Millennial Rage: Not a Love Note, A Call to Arms.

Ashleigh-ellan Kavanagh
2 min readFeb 16, 2024

--

I want to live in “precedented times” just once.

black and white photo of a gentleman in glasses, resting his chin on his fist.
Photo by Usman Yousaf on Unsplash

I am 30. I have less than £3000 in savings. I rent my home from a very reasonable landlord. I have a Masters degree from an internationally acclaimed business school.

Millennials have been through no less than 10 “once in a lifetime” disasters in the form of terrorist attacks, the mishandling of resources by a government that does not represent my beliefs, ongoing wars that are essentially dick-swinging contests between middle-aged white men who are out of touch with reality and then a pandemic possibly caused by the undeniably tempting intrusive thought of one human to eat an undercooked bat.

At school, we were told that knuckling down and getting the best grades would inevitably lead to our white picket fence, our manageable job related to our degree, and our modest family holidays to the Costa Del Sol once a year.
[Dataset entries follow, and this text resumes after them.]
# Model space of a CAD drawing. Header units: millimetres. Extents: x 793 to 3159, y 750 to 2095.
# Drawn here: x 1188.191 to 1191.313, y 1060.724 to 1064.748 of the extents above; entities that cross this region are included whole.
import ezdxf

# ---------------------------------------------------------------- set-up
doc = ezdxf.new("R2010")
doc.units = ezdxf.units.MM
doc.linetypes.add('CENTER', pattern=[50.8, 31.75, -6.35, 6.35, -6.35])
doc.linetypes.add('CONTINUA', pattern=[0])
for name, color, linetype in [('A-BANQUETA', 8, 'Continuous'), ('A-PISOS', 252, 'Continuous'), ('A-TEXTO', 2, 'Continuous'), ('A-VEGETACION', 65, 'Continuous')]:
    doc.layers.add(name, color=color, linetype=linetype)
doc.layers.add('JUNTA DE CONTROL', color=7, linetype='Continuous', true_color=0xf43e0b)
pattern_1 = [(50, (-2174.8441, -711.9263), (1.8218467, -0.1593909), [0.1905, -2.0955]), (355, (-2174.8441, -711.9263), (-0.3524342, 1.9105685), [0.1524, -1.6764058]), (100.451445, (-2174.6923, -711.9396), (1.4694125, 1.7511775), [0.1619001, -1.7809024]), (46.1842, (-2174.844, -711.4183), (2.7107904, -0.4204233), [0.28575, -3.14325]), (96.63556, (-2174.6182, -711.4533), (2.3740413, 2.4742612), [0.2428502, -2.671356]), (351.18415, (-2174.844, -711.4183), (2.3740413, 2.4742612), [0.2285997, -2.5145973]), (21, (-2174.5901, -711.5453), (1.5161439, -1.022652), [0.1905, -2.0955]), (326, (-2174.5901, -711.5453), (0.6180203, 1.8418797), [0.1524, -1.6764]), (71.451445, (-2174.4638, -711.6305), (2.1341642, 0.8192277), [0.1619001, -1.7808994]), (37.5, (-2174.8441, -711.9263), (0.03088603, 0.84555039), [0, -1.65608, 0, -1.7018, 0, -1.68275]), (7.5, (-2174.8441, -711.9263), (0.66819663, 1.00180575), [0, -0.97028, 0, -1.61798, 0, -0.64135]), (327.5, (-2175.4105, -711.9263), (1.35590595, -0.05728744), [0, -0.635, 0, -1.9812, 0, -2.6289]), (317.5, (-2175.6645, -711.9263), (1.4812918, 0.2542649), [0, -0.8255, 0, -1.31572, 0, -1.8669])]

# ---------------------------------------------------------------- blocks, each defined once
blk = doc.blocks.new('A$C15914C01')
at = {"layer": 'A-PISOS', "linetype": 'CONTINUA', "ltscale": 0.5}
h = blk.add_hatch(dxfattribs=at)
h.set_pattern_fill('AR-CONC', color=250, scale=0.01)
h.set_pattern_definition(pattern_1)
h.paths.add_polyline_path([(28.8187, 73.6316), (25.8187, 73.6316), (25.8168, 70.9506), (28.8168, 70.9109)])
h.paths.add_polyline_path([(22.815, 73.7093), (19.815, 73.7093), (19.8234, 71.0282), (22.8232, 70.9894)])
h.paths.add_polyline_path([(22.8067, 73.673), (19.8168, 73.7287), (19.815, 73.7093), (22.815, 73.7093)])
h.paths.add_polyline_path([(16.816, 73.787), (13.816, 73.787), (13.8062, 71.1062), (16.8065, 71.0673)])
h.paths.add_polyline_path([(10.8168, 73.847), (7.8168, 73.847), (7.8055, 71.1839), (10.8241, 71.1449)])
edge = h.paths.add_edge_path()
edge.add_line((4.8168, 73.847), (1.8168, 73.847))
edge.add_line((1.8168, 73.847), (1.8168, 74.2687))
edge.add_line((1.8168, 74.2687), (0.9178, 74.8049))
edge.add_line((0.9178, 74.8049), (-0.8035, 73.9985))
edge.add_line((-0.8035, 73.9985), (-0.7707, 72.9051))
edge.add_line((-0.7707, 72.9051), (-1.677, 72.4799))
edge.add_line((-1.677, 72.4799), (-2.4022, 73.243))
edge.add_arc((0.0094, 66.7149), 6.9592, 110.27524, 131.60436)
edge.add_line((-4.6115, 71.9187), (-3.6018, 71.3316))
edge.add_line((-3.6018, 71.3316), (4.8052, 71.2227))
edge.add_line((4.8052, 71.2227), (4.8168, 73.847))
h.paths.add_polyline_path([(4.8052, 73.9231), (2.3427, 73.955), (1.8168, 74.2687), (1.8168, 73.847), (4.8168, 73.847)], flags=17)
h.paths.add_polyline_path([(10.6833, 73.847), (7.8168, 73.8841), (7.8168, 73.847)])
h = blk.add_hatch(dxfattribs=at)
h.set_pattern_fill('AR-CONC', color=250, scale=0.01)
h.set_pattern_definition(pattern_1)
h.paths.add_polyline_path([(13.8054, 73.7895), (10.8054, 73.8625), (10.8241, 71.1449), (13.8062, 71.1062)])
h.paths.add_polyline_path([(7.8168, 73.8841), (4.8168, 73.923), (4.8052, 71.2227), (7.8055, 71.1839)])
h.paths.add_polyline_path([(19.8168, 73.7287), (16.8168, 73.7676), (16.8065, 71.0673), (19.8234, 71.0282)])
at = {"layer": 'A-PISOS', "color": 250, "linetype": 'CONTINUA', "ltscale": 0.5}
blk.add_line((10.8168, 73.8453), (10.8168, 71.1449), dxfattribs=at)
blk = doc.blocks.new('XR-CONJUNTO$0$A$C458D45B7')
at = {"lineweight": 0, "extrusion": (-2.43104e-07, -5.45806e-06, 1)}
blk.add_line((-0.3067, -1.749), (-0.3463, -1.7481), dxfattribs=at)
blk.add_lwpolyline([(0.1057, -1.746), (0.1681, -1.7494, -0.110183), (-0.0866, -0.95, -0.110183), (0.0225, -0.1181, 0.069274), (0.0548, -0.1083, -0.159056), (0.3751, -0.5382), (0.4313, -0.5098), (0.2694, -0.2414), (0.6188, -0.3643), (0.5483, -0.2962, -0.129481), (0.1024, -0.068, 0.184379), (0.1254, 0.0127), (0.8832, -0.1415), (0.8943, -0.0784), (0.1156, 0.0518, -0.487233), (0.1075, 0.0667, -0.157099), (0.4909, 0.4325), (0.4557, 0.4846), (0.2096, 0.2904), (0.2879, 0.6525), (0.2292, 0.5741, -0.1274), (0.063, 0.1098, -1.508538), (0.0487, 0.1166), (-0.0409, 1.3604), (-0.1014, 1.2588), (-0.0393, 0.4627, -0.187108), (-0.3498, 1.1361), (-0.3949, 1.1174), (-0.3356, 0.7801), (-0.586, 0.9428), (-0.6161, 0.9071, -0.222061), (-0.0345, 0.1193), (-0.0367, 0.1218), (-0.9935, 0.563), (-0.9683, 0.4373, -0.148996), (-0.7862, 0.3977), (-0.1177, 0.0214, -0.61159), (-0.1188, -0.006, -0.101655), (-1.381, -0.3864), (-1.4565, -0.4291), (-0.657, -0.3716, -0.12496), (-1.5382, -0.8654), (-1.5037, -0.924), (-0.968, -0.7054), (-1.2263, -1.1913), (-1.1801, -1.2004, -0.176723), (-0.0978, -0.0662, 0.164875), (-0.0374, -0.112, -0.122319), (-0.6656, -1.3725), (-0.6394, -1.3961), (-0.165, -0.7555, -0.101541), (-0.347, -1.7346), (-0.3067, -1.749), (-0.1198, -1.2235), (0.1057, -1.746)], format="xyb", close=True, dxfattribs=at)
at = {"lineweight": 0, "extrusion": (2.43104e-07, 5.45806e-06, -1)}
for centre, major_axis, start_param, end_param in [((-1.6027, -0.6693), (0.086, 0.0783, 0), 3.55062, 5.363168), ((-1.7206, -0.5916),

I come from a lower-income, divorced home — my expectations for my future weren’t lofty. But whilst Millennials were being fed lies *someone* (looking at you, boomers.) was raising house prices, breaking the economy, ravaging the planet for resources to line the pockets of the pedophilic corporate elite.

Not a single day in our lives has been precedented times. It’s been one disaster after another, all whilst being reassured that we also could have it all. And by it all, I mean we wouldn’t be stuck in a dystopian nightmare hellscape where our nans keep dying in the Winter because it’s too expensive to flick the heating on for 20 minutes, or the average family could afford to eat more than one meal a day.

Old ways do not open new doors. We need change. We need to harness this collective anger and form a revolution. It’s time. We’re not kids anymore.